Les patients qui participeront au programme, âgés entre 20 et 50 ans, souffrent d’une maladie similaire à celle de Sarah. «Ils sont souvent en arrêt de travail ou n’ont jamais pu accéder au marché du travail», explique M.moi Ouellet-Courtois. Leur TOC peut également interférer avec leur capacité à entretenir une relation amoureuse.
Chaque participant a préparé une liste d’une vingtaine d’expositions qu’il souhaite réaliser au cours de la semaine thérapeutique. Les participants devront en réaliser quatre par jour, avec ou sans le soutien d’un thérapeute.
« Ils pourront piocher dans leur liste et choisir ce qu’ils se sentent à l’aise de faire.
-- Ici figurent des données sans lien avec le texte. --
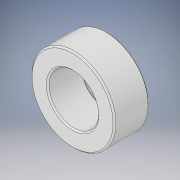
# Autodesk Inventor part: 3d printed nut
Saved by Autodesk Inventor 2019 (Build 230136000, 136)
## iProperties
Created: 2019-03-20
Part Number: 3d printed nut
Material: ABS Plastic
Document SubType Name: Modeling
Designer: pctech
Density: 1.06 g/cm^3
Appearance: Smooth - White
Author: pctech
Autodesk Inventor part; units mm, degrees
ref_plane "YZ Plane" through (0, 0, 0) normal (1, 0, 0) x (0, 1, 0)
ref_plane "XZ Plane" through (0, 0, 0) normal (0, 1, 0) x (-1, 0, 0)
ref_plane "XY Plane" through (0, 0, 0) normal (0, 0, 1) x (1, 0, 0)
sketch "Sketch1" plane through (0, 0, 0) normal (0, 0, 1) x (1, 0, 0)
  circle A0 centre (0, 0) radius 11.43
  circle A1 centre (0, 0) radius 6.7469
  dimension "d0" = 22.86
  dimension "d1" = 13.4938
  constraints: 2 centre point, 2 coincident
  measures "d0" diameter of A0
  measures "d1" diameter of A1
extrude "Extrusion1" add sketch "Sketch1" along normal mid plane 9.525
chamfer "Chamfer1" distance 0.4 angle 45 4 edges at (-11.43, 0, 4.7625) (-11.43, 0, -4.7625) (-6.7469, 0, 4.7625) (-6.7469, 0, -4.7625)
sketch "Sketch2" plane through (0, 0, 0) normal (1, 0, 0) x (0, 1, 0)
  point P0 (0, 0)
body "Solid1"

Ils ne seront jamais obligés de faire une exposition», précise la psychologue.
Pour Sarah, les objectifs incluent l’utilisation des toilettes publiques, faire du shopping et se rapprocher du bâtiment de chimie de l’Université McGill. « J’ai raté tant d’années d’expérience. Je veux retourner aux études et obtenir mon doctorat en chimie. »
“J’espère que nous verrons qu’il est bénéfique pour les gens d’avoir une formule thérapeutique intensifiée”, déclare M.moi Ouellet-Courtois. Cependant, la thérapie reste un projet pilote et des ajustements peuvent être nécessaires. «Peut-être réaliserons-nous que deux semaines de thérapie intensive auraient été plus utiles», estime la psychologue.
Un mois après le programme, les participants se réuniront en groupe pour évaluer si leurs progrès se sont maintenus ou s’il y a eu une rechute. Sarah est fiévreuse. « J’ai hâte de voir ce que cela va m’apporter. »
*Le prénom du patient a été modifié pour des raisons de confidentialité.